→ ACTION ITEM: Starting at the first line of the data and ending at the line with "#9=PRODUCT_DEFINITION_SHAPE('','',#8);", copy each line exactly. Include both of those lines, but no pictures.

** Opening SOURCE RECORDS block **

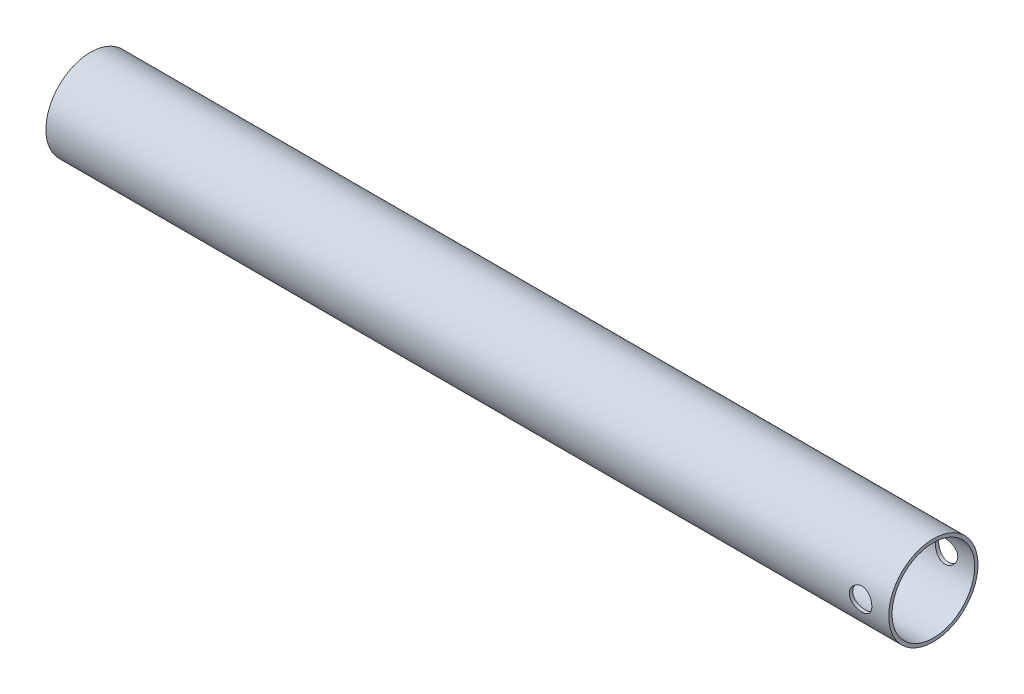
ISO-10303-21;
HEADER;
FILE_DESCRIPTION(('STEP AP214'),'2;1');
FILE_NAME('part.step','',(''),(''),'','','');
FILE_SCHEMA(('AUTOMOTIVE_DESIGN { 1 0 10303 214 1 1 1 1 }'));
ENDSEC;
DATA;
#1=APPLICATION_CONTEXT('core data for automotive mechanical design processes');
#2=APPLICATION_PROTOCOL_DEFINITION('international standard','automotive_design',2000,#1);
#3=PRODUCT_CONTEXT('',#1,'mechanical');
#4=PRODUCT('Part','Part','',(#3));
#5=PRODUCT_RELATED_PRODUCT_CATEGORY('part','',(#4));
#6=PRODUCT_DEFINITION_FORMATION('','',#4);
#7=PRODUCT_DEFINITION_CONTEXT('part definition',#1,'design');
#8=PRODUCT_DEFINITION('design','',#6,#7);
#9=PRODUCT_DEFINITION_SHAPE('','',#8);
#10=(LENGTH_UNIT() NAMED_UNIT(*) SI_UNIT(.MILLI.,.METRE.));
#11=(NAMED_UNIT(*) PLANE_ANGLE_UNIT() SI_UNIT($,.RADIAN.));
#12=(NAMED_UNIT(*) SI_UNIT($,.STERADIAN.) SOLID_ANGLE_UNIT());
#13=UNCERTAINTY_MEASURE_WITH_UNIT(LENGTH_MEASURE(1.E-05),#10,'distance_accuracy_value','');
#14=(GEOMETRIC_REPRESENTATION_CONTEXT(3) GLOBAL_UNCERTAINTY_ASSIGNED_CONTEXT((#13)) GLOBAL_UNIT_ASSIGNED_CONTEXT((#10,
#11,#12)) REPRESENTATION_CONTEXT('',''));
#15=CARTESIAN_POINT('',(0.,0.,0.));
#16=DIRECTION('',(0.,0.,1.));
#17=DIRECTION('',(1.,0.,0.));
#18=AXIS2_PLACEMENT_3D('',#15,#16,#17);
#19=CARTESIAN_POINT('',(300.,0.,0.));
#20=DIRECTION('',(1.,0.,0.));
#21=DIRECTION('',(0.,0.,-1.));
#22=AXIS2_PLACEMENT_3D('',#19,#20,#21);
#23=PLANE('',#22);
#24=CARTESIAN_POINT('',(300.,0.,0.));
#25=DIRECTION('',(1.,0.,0.));
#26=DIRECTION('',(0.,0.,-1.));
#27=AXIS2_PLACEMENT_3D('',#24,#25,#26);
#28=CIRCLE('',#27,15.9);
#29=CARTESIAN_POINT('',(300.,0.,-15.9));
#30=VERTEX_POINT('',#29);
#31=EDGE_CURVE('E10',#30,#30,#28,.T.);
#32=ORIENTED_EDGE('',*,*,#31,.T.);
#33=EDGE_LOOP('',(#32));
#34=FACE_BOUND('',#33,.T.);
#35=CARTESIAN_POINT('',(300.,0.,0.));
#36=DIRECTION('',(1.,0.,0.));
#37=DIRECTION('',(0.,0.,-1.));
#38=AXIS2_PLACEMENT_3D('',#35,#36,#37);
#39=CIRCLE('',#38,14.7);
#40=CARTESIAN_POINT('',(300.,0.,-14.7));
#41=VERTEX_POINT('',#40);
#42=EDGE_CURVE('E48',#41,#41,#39,.T.);
#43=ORIENTED_EDGE('',*,*,#42,.F.);
#44=EDGE_LOOP('',(#43));
#45=FACE_BOUND('',#44,.T.);
#46=ADVANCED_FACE('F30',(#34,#45),#23,.T.);
#47=CARTESIAN_POINT('',(0.,0.,0.));
#48=DIRECTION('',(1.,0.,0.));
#49=DIRECTION('',(0.,0.,-1.));
#50=AXIS2_PLACEMENT_3D('',#47,#48,#49);
#51=PLANE('',#50);
#52=CARTESIAN_POINT('',(0.,0.,0.));
#53=DIRECTION('',(1.,0.,0.));
#54=DIRECTION('',(0.,0.,-1.));
#55=AXIS2_PLACEMENT_3D('',#52,#53,#54);
#56=CIRCLE('',#55,15.9);
#57=CARTESIAN_POINT('',(0.,0.,-15.9));
#58=VERTEX_POINT('',#57);
#59=EDGE_CURVE('E43',#58,#58,#56,.T.);
#60=ORIENTED_EDGE('',*,*,#59,.F.);
#61=EDGE_LOOP('',(#60));
#62=FACE_BOUND('',#61,.T.);
#63=CARTESIAN_POINT('',(0.,0.,0.));
#64=DIRECTION('',(1.,0.,0.));
#65=DIRECTION('',(0.,0.,-1.));
#66=AXIS2_PLACEMENT_3D('',#63,#64,#65);
#67=CIRCLE('',#66,14.7);
#68=CARTESIAN_POINT('',(0.,0.,-14.7));
#69=VERTEX_POINT('',#68);
#70=EDGE_CURVE('E51',#69,#69,#67,.T.);
#71=ORIENTED_EDGE('',*,*,#70,.T.);
#72=EDGE_LOOP('',(#71));
#73=FACE_BOUND('',#72,.T.);
#74=ADVANCED_FACE('F84',(#62,#73),#51,.F.);
#75=CARTESIAN_POINT('',(300.,0.,0.));
#76=DIRECTION('',(-1.,0.,0.));
#77=DIRECTION('',(0.,0.,1.));
#78=AXIS2_PLACEMENT_3D('',#75,#76,#77);
#79=CYLINDRICAL_SURFACE('',#78,15.9);
#80=CARTESIAN_POINT('',(286.,0.,15.9));
#81=CARTESIAN_POINT('',(286.000006118399,0.220957554512235,15.8999962947172));
#82=CARTESIAN_POINT('',(286.018369910836,0.441983185971123,15.8953482917505));
#83=CARTESIAN_POINT('',(286.091228031371,0.877696858584048,15.8772569631423));
#84=CARTESIAN_POINT('',(286.145742552705,1.09238128759306,15.8638087218796));
#85=CARTESIAN_POINT('',(286.289040016768,1.5090577950041,15.82960565241));
#86=CARTESIAN_POINT('',(286.377781527225,1.71106487707809,15.8088596608969));
#87=CARTESIAN_POINT('',(286.586867440948,2.09732531569482,15.7622689876934));
#88=CARTESIAN_POINT('',(286.707213007556,2.28157801835896,15.7364241183223));
#89=CARTESIAN_POINT('',(286.9787392714,2.63093845422642,15.681837993207));
#90=CARTESIAN_POINT('',(287.130454665254,2.79562358369429,15.6530516007627));
#91=CARTESIAN_POINT('',(287.459269318003,3.09750066617808,15.5961257740108));
#92=CARTESIAN_POINT('',(287.636371474471,3.23468947654948,15.5679864139796));
#93=CARTESIAN_POINT('',(288.014222162792,3.4796738743176,15.5150850221248));
#94=CARTESIAN_POINT('',(288.215286748902,3.58699548849177,15.490380259719));
#95=CARTESIAN_POINT('',(288.633325676538,3.76615052950105,15.4478039743712));
#96=CARTESIAN_POINT('',(288.850297432628,3.83798970877451,15.4299313439053));
#97=CARTESIAN_POINT('',(289.289341649191,3.94269655191518,15.4035070201961));
#98=CARTESIAN_POINT('',(289.511221569615,3.9763246541123,15.3947737343424));
#99=CARTESIAN_POINT('',(289.957632290625,4.00602360838368,15.3870734521062));
#100=CARTESIAN_POINT('',(290.182162648045,4.00210065276621,15.3881048454915));
#101=CARTESIAN_POINT('',(290.62166271997,3.95741529373597,15.3996542142715));
#102=CARTESIAN_POINT('',(290.836731797271,3.91756031863234,15.4099385036396));
#103=CARTESIAN_POINT('',(291.25702858245,3.80359033873951,15.4384623077553));
#104=CARTESIAN_POINT('',(291.462255580172,3.72947286582518,15.4567023955996));
#105=CARTESIAN_POINT('',(291.859469555044,3.54831163200673,15.4992962598328));
#106=CARTESIAN_POINT('',(292.051300043574,3.44093957445725,15.5237105273324));
#107=CARTESIAN_POINT('',(292.414545566813,3.19654662066624,15.5758678783402));
#108=CARTESIAN_POINT('',(292.585956979308,3.05952047608871,15.6036115507162));
#109=CARTESIAN_POINT('',(292.908697306122,2.75501421349551,15.6602846032159));
#110=CARTESIAN_POINT('',(293.059303018575,2.58676868190967,15.6892250833306));
#111=CARTESIAN_POINT('',(293.330300659514,2.22706189643265,15.7443085259953));
#112=CARTESIAN_POINT('',(293.450691642027,2.03559991595097,15.7704514009422));
#113=CARTESIAN_POINT('',(293.658112749883,1.63385517337632,15.817126845507));
#114=CARTESIAN_POINT('',(293.745024174175,1.42350864724311,15.8376393803392));
#115=CARTESIAN_POINT('',(293.882050928688,0.990559575575081,15.87059732009));
#116=CARTESIAN_POINT('',(293.932173388952,0.767959413903615,15.8830442881357));
#117=CARTESIAN_POINT('',(293.993092095537,0.323004093264367,15.8982368765737));
#118=CARTESIAN_POINT('',(294.004873048667,0.100791843709804,15.9012253582003));
#119=CARTESIAN_POINT('',(293.99147682012,-0.342429542666543,15.8978565660392));
#120=CARTESIAN_POINT('',(293.966303010113,-0.56343878740127,15.8915001448595));
#121=CARTESIAN_POINT('',(293.880523158215,-0.994550205946391,15.8703115107032));
#122=CARTESIAN_POINT('',(293.820455422177,-1.20476639540026,15.8556081421907));
#123=CARTESIAN_POINT('',(293.667208628548,-1.61212676307624,15.8193837749175));
#124=CARTESIAN_POINT('',(293.574026202809,-1.80926960916645,15.7978620826784));
#125=CARTESIAN_POINT('',(293.35529428717,-2.188796521918,15.7498078804348));
#126=CARTESIAN_POINT('',(293.229194720389,-2.37085281669064,15.7231924903257));
#127=CARTESIAN_POINT('',(292.948910070762,-2.7115699515604,15.6680320609865));
#128=CARTESIAN_POINT('',(292.794720076449,-2.87022669157325,15.6394866848579));
#129=CARTESIAN_POINT('',(292.458057178754,-3.16370740318631,15.5828075146996));
#130=CARTESIAN_POINT('',(292.274976064567,-3.2978402387925,15.554701628863));
#131=CARTESIAN_POINT('',(291.888323647918,-3.53347994876148,15.5028749752319));
#132=CARTESIAN_POINT('',(291.684753252698,-3.63498826686436,15.4791540134102));
#133=CARTESIAN_POINT('',(291.263987593398,-3.80174014170283,15.4390456471267));
#134=CARTESIAN_POINT('',(291.046881781464,-3.86719844904057,15.4226149310886));
#135=CARTESIAN_POINT('',(290.604269275028,-3.96055347596789,15.3989083891629));
#136=CARTESIAN_POINT('',(290.378764456941,-3.98845853418225,15.3916305309247));
#137=CARTESIAN_POINT('',(289.932792050098,-4.00547511795676,15.3872100182034));
#138=CARTESIAN_POINT('',(289.712368822747,-3.99569183629733,15.3897786102138));
#139=CARTESIAN_POINT('',(289.276423421322,-3.94014201241584,15.4040932010133));
#140=CARTESIAN_POINT('',(289.060901146429,-3.89437621108365,15.4158390108408));
#141=CARTESIAN_POINT('',(288.64209457103,-3.76876759162776,15.4470226155431));
#142=CARTESIAN_POINT('',(288.438743585788,-3.68913453615028,15.4664130092882));
#143=CARTESIAN_POINT('',(288.048142340273,-3.49821751506907,15.5107071042047));
#144=CARTESIAN_POINT('',(287.860894345759,-3.38692910488054,15.5356115794745));
#145=CARTESIAN_POINT('',(287.502479715071,-3.13240618442289,15.5889490823253));
#146=CARTESIAN_POINT('',(287.331868022299,-2.98840596993518,15.6174578969873));
#147=CARTESIAN_POINT('',(287.01687091385,-2.67403594078357,15.6743421724415));
#148=CARTESIAN_POINT('',(286.872491747093,-2.50365986090833,15.7027175998951));
#149=CARTESIAN_POINT('',(286.611465364458,-2.1375901636078,15.7567612266969));
#150=CARTESIAN_POINT('',(286.495377402805,-1.94148832531207,15.7823699943067));
#151=CARTESIAN_POINT('',(286.298000573896,-1.53192485252501,15.8273658654756));
#152=CARTESIAN_POINT('',(286.216687006874,-1.31847566828181,15.8467573826022));
#153=CARTESIAN_POINT('',(286.103103701272,-0.921203411811069,15.8742998097677));
#154=CARTESIAN_POINT('',(286.06452394783,-0.739256985702941,15.883870815249));
#155=CARTESIAN_POINT('',(286.012970513009,-0.371556222208906,15.8967222254535));
#156=CARTESIAN_POINT('',(285.999994855067,-0.185802179878715,15.9000031157551));
#157=CARTESIAN_POINT('',(286.,0.,15.9));
#158=B_SPLINE_CURVE_WITH_KNOTS('',3,(#80,#81,#82,#83,#84,#85,#86,#87,#88,#89,#90,#91,#92,#93,
#94,#95,#96,#97,#98,#99,#100,#101,#102,#103,#104,#105,#106,#107,#108,#109,#110,#111,#112,#113,
#114,#115,#116,#117,#118,#119,#120,#121,#122,#123,#124,#125,#126,#127,#128,#129,#130,#131,#132,
#133,#134,#135,#136,#137,#138,#139,#140,#141,#142,#143,#144,#145,#146,#147,#148,#149,#150,#151,
#152,#153,#154,#155,#156,#157),.UNSPECIFIED.,.T.,.F.,(4,2,2,2,2,2,2,2,2,2,2,2,2,2,2,2,2,2,2,2,2,
2,2,2,2,2,2,2,2,2,2,2,2,2,2,2,2,2,4),(0.,0.66219172220286,1.32475364635815,1.98651603419136,
2.64830278485941,3.32246905207587,3.99671232808247,4.68111365698529,5.3654039937937,
6.03582371832577,6.70613289007121,7.35997410678294,8.01386243078649,8.67442373967603,
9.33510205392415,10.0148663297268,10.6946518851751,11.3768258967888,12.0588676618027,
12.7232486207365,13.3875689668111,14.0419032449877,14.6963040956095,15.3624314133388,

** Closing SOURCE RECORDS block **

→ REPLY:
ISO-10303-21;
HEADER;
FILE_DESCRIPTION(('STEP AP214'),'2;1');
FILE_NAME('part.step','',(''),(''),'','','');
FILE_SCHEMA(('AUTOMOTIVE_DESIGN { 1 0 10303 214 1 1 1 1 }'));
ENDSEC;
DATA;
#1=APPLICATION_CONTEXT('core data for automotive mechanical design processes');
#2=APPLICATION_PROTOCOL_DEFINITION('international standard','automotive_design',2000,#1);
#3=PRODUCT_CONTEXT('',#1,'mechanical');
#4=PRODUCT('Part','Part','',(#3));
#5=PRODUCT_RELATED_PRODUCT_CATEGORY('part','',(#4));
#6=PRODUCT_DEFINITION_FORMATION('','',#4);
#7=PRODUCT_DEFINITION_CONTEXT('part definition',#1,'design');
#8=PRODUCT_DEFINITION('design','',#6,#7);
#9=PRODUCT_DEFINITION_SHAPE('','',#8);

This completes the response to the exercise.